*** Block opens ***

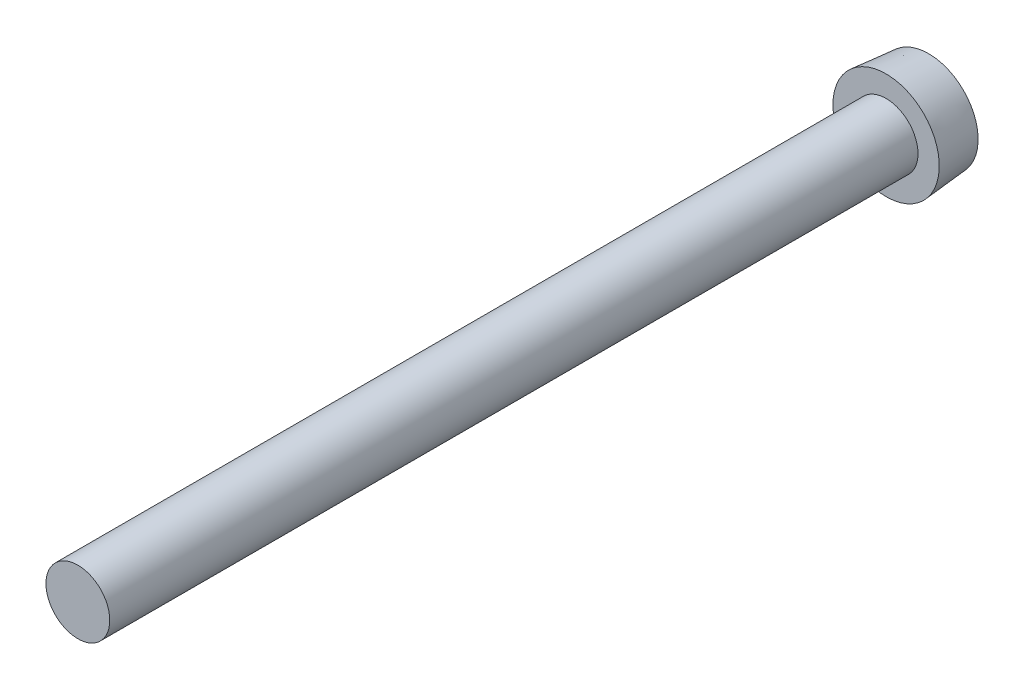
from build123d import *

# Parameters (mm, degrees)
ESQUISSE1_R        = 1.5
BOSS_EXTRU_1_DEPTH = 38
ESQUISSE2_R        = 2.5
BOSS_EXTRU_2_DEPTH = 2
BOSS_EXTRU_2_TAPER = 5


with BuildPart() as part:
    # Esquisse1 → Boss.-Extru.1 (new body)
    with BuildSketch(Plane.XY):
        Circle(ESQUISSE1_R)
    extrude(amount=BOSS_EXTRU_1_DEPTH)

    # Esquisse2 → Boss.-Extru.2 (add)
    with BuildSketch(Plane(origin=(0, 0, 0), x_dir=(-1, 0, 0), z_dir=(0, 0, -1))):
        Circle(ESQUISSE2_R)
    extrude(amount=BOSS_EXTRU_2_DEPTH, taper=BOSS_EXTRU_2_TAPER)


solid = part.part

*** Block closes ***

● **Your assignment**
Filter the data above, keeping only lines that include the string "amount".

● **Task result**
    extrude(amount=BOSS_EXTRU_1_DEPTH)
    extrude(amount=BOSS_EXTRU_2_DEPTH, taper=BOSS_EXTRU_2_TAPER)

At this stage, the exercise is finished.